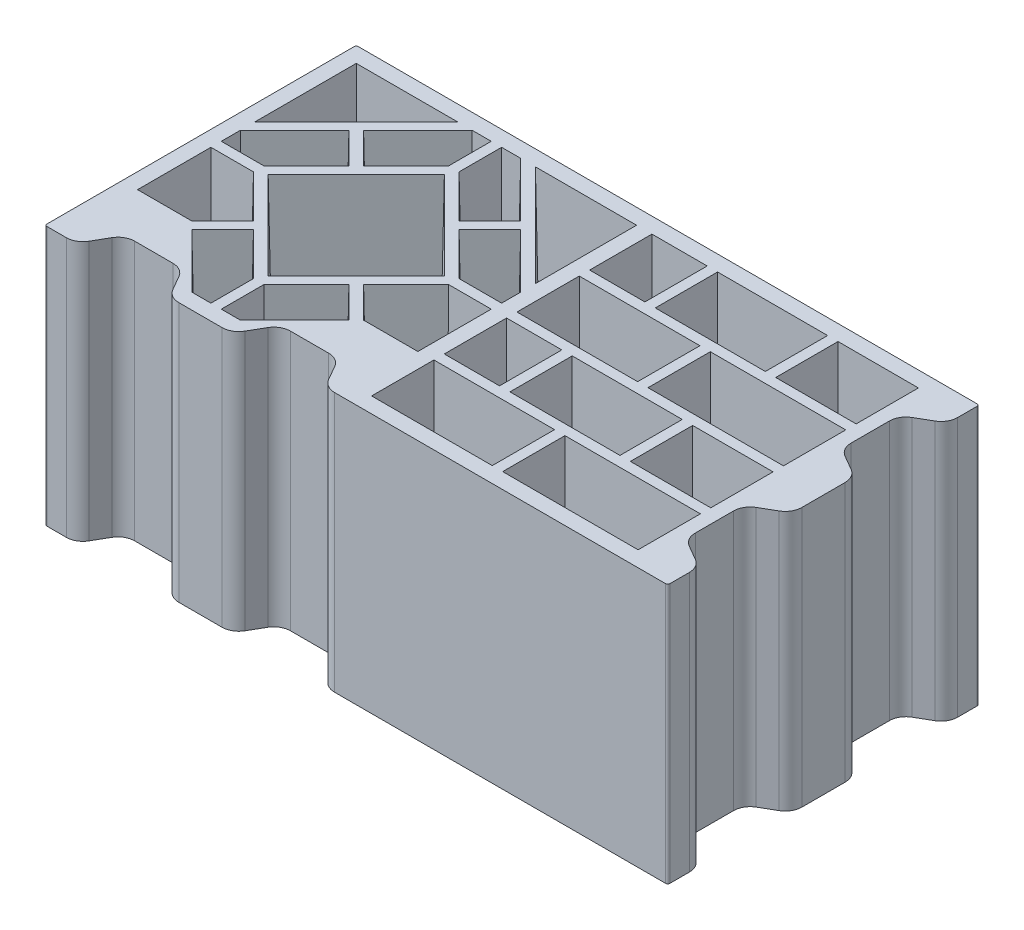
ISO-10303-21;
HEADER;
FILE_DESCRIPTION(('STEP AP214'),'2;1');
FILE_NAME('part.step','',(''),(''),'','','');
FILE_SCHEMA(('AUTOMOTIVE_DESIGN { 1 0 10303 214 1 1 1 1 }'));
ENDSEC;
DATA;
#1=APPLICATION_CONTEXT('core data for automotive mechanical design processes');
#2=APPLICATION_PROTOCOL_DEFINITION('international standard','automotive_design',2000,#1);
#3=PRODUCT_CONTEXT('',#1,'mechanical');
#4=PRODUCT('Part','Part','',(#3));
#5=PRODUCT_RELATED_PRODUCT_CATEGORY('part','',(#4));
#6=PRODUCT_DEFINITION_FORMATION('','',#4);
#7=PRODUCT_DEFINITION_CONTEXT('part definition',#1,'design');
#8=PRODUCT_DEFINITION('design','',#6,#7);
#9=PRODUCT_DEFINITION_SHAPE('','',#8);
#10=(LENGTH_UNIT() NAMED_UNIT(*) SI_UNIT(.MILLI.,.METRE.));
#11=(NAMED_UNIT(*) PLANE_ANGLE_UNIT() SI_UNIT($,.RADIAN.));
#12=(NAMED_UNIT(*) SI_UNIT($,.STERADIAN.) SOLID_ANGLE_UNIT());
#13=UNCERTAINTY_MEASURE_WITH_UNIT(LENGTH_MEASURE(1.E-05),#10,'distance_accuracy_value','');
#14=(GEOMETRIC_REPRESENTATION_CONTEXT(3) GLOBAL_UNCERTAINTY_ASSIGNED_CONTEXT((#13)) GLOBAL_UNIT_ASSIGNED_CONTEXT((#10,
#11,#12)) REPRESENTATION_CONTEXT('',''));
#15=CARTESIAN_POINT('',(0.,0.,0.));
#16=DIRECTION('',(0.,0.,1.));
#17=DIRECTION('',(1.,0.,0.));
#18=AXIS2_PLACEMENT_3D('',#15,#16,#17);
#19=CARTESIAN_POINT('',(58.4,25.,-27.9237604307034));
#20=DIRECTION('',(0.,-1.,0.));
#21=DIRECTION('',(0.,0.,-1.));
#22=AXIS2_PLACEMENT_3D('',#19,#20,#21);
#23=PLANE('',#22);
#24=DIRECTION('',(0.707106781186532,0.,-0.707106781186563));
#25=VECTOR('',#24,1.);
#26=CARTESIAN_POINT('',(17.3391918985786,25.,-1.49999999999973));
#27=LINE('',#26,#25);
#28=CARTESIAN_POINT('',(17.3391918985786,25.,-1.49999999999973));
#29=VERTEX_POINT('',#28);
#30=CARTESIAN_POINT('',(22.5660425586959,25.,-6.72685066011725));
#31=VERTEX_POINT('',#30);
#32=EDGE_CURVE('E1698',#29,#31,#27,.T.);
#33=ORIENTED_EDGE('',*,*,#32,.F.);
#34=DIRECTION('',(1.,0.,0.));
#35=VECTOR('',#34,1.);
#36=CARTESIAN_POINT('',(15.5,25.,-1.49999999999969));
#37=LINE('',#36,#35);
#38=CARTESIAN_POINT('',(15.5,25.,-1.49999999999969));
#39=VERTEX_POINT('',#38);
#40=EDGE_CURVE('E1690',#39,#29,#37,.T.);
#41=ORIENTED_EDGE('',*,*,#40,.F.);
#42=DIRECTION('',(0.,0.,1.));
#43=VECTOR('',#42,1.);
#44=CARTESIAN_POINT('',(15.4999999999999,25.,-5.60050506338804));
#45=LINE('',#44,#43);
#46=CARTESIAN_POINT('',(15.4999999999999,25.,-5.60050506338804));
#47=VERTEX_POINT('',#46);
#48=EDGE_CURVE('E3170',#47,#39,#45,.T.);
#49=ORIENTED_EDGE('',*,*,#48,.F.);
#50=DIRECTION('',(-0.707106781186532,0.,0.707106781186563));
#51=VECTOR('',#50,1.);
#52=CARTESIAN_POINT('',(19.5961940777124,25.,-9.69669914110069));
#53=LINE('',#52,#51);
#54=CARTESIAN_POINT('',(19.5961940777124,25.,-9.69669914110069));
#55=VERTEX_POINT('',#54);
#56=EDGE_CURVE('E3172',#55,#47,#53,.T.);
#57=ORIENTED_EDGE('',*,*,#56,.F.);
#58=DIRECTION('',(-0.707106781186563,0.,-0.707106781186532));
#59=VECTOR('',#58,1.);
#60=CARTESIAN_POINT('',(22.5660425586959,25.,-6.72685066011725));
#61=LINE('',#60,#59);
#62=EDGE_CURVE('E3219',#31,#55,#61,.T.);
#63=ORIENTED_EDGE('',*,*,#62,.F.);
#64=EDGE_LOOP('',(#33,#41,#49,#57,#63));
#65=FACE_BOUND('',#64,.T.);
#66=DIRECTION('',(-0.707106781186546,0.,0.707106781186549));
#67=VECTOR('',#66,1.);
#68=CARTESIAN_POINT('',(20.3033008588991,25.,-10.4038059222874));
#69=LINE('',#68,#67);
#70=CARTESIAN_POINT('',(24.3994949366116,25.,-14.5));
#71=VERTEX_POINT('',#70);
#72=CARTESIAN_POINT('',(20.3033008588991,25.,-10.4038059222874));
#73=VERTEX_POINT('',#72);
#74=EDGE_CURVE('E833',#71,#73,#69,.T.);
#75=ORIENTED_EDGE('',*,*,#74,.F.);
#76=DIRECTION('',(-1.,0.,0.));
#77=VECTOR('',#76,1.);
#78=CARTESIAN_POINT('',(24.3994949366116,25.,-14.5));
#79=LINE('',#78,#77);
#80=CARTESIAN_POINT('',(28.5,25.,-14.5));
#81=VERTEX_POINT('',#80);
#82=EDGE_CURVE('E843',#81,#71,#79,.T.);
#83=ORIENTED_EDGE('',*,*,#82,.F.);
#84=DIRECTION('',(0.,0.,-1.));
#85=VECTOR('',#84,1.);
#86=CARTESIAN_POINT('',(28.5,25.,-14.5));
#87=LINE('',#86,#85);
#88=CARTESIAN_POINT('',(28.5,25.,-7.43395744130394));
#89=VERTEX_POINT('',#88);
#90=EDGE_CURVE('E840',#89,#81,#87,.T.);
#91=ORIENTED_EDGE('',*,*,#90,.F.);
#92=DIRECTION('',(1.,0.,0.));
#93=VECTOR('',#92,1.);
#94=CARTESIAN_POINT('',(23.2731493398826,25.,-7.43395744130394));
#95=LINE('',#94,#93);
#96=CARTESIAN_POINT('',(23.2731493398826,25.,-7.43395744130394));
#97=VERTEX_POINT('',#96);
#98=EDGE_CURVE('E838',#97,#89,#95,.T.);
......
**What you will do**
The listing above needs to be output again exactly. Don't include the pictures.

**Solution to this task**
ISO-10303-21;
HEADER;
FILE_DESCRIPTION(('STEP AP214'),'2;1');
FILE_NAME('part.step','',(''),(''),'','','');
FILE_SCHEMA(('AUTOMOTIVE_DESIGN { 1 0 10303 214 1 1 1 1 }'));
ENDSEC;
DATA;
#1=APPLICATION_CONTEXT('core data for automotive mechanical design processes');
#2=APPLICATION_PROTOCOL_DEFINITION('international standard','automotive_design',2000,#1);
#3=PRODUCT_CONTEXT('',#1,'mechanical');
#4=PRODUCT('Part','Part','',(#3));
#5=PRODUCT_RELATED_PRODUCT_CATEGORY('part','',(#4));
#6=PRODUCT_DEFINITION_FORMATION('','',#4);
#7=PRODUCT_DEFINITION_CONTEXT('part definition',#1,'design');
#8=PRODUCT_DEFINITION('design','',#6,#7);
#9=PRODUCT_DEFINITION_SHAPE('','',#8);
#10=(LENGTH_UNIT() NAMED_UNIT(*) SI_UNIT(.MILLI.,.METRE.));
#11=(NAMED_UNIT(*) PLANE_ANGLE_UNIT() SI_UNIT($,.RADIAN.));
#12=(NAMED_UNIT(*) SI_UNIT($,.STERADIAN.) SOLID_ANGLE_UNIT());
#13=UNCERTAINTY_MEASURE_WITH_UNIT(LENGTH_MEASURE(1.E-05),#10,'distance_accuracy_value','');
#14=(GEOMETRIC_REPRESENTATION_CONTEXT(3) GLOBAL_UNCERTAINTY_ASSIGNED_CONTEXT((#13)) GLOBAL_UNIT_ASSIGNED_CONTEXT((#10,
#11,#12)) REPRESENTATION_CONTEXT('',''));
#15=CARTESIAN_POINT('',(0.,0.,0.));
#16=DIRECTION('',(0.,0.,1.));
#17=DIRECTION('',(1.,0.,0.));
#18=AXIS2_PLACEMENT_3D('',#15,#16,#17);
#19=CARTESIAN_POINT('',(58.4,25.,-27.9237604307034));
#20=DIRECTION('',(0.,-1.,0.));
#21=DIRECTION('',(0.,0.,-1.));
#22=AXIS2_PLACEMENT_3D('',#19,#20,#21);
#23=PLANE('',#22);
#24=DIRECTION('',(0.707106781186532,0.,-0.707106781186563));
#25=VECTOR('',#24,1.);
#26=CARTESIAN_POINT('',(17.3391918985786,25.,-1.49999999999973));
#27=LINE('',#26,#25);
#28=CARTESIAN_POINT('',(17.3391918985786,25.,-1.49999999999973));
#29=VERTEX_POINT('',#28);
#30=CARTESIAN_POINT('',(22.5660425586959,25.,-6.72685066011725));
#31=VERTEX_POINT('',#30);
#32=EDGE_CURVE('E1698',#29,#31,#27,.T.);
#33=ORIENTED_EDGE('',*,*,#32,.F.);
#34=DIRECTION('',(1.,0.,0.));
#35=VECTOR('',#34,1.);
#36=CARTESIAN_POINT('',(15.5,25.,-1.49999999999969));
#37=LINE('',#36,#35);
#38=CARTESIAN_POINT('',(15.5,25.,-1.49999999999969));
#39=VERTEX_POINT('',#38);
#40=EDGE_CURVE('E1690',#39,#29,#37,.T.);
#41=ORIENTED_EDGE('',*,*,#40,.F.);
#42=DIRECTION('',(0.,0.,1.));
#43=VECTOR('',#42,1.);
#44=CARTESIAN_POINT('',(15.4999999999999,25.,-5.60050506338804));
#45=LINE('',#44,#43);
#46=CARTESIAN_POINT('',(15.4999999999999,25.,-5.60050506338804));
#47=VERTEX_POINT('',#46);
#48=EDGE_CURVE('E3170',#47,#39,#45,.T.);
#49=ORIENTED_EDGE('',*,*,#48,.F.);
#50=DIRECTION('',(-0.707106781186532,0.,0.707106781186563));
#51=VECTOR('',#50,1.);
#52=CARTESIAN_POINT('',(19.5961940777124,25.,-9.69669914110069));
#53=LINE('',#52,#51);
#54=CARTESIAN_POINT('',(19.5961940777124,25.,-9.69669914110069));
#55=VERTEX_POINT('',#54);
#56=EDGE_CURVE('E3172',#55,#47,#53,.T.);
#57=ORIENTED_EDGE('',*,*,#56,.F.);
#58=DIRECTION('',(-0.707106781186563,0.,-0.707106781186532));
#59=VECTOR('',#58,1.);
#60=CARTESIAN_POINT('',(22.5660425586959,25.,-6.72685066011725));
#61=LINE('',#60,#59);
#62=EDGE_CURVE('E3219',#31,#55,#61,.T.);
#63=ORIENTED_EDGE('',*,*,#62,.F.);
#64=EDGE_LOOP('',(#33,#41,#49,#57,#63));
#65=FACE_BOUND('',#64,.T.);
#66=DIRECTION('',(-0.707106781186546,0.,0.707106781186549));
#67=VECTOR('',#66,1.);
#68=CARTESIAN_POINT('',(20.3033008588991,25.,-10.4038059222874));
#69=LINE('',#68,#67);
#70=CARTESIAN_POINT('',(24.3994949366116,25.,-14.5));
#71=VERTEX_POINT('',#70);
#72=CARTESIAN_POINT('',(20.3033008588991,25.,-10.4038059222874));
#73=VERTEX_POINT('',#72);
#74=EDGE_CURVE('E833',#71,#73,#69,.T.);
#75=ORIENTED_EDGE('',*,*,#74,.F.);
#76=DIRECTION('',(-1.,0.,0.));
#77=VECTOR('',#76,1.);
#78=CARTESIAN_POINT('',(24.3994949366116,25.,-14.5));
#79=LINE('',#78,#77);
#80=CARTESIAN_POINT('',(28.5,25.,-14.5));
#81=VERTEX_POINT('',#80);
#82=EDGE_CURVE('E843',#81,#71,#79,.T.);
#83=ORIENTED_EDGE('',*,*,#82,.F.);
#84=DIRECTION('',(0.,0.,-1.));
#85=VECTOR('',#84,1.);
#86=CARTESIAN_POINT('',(28.5,25.,-14.5));
#87=LINE('',#86,#85);
#88=CARTESIAN_POINT('',(28.5,25.,-7.43395744130394));
#89=VERTEX_POINT('',#88);
#90=EDGE_CURVE('E840',#89,#81,#87,.T.);
#91=ORIENTED_EDGE('',*,*,#90,.F.);
#92=DIRECTION('',(1.,0.,0.));
#93=VECTOR('',#92,1.);
#94=CARTESIAN_POINT('',(23.2731493398826,25.,-7.43395744130394));
#95=LINE('',#94,#93);
#96=CARTESIAN_POINT('',(23.2731493398826,25.,-7.43395744130394));
#97=VERTEX_POINT('',#96);
#98=EDGE_CURVE('E838',#97,#89,#95,.T.);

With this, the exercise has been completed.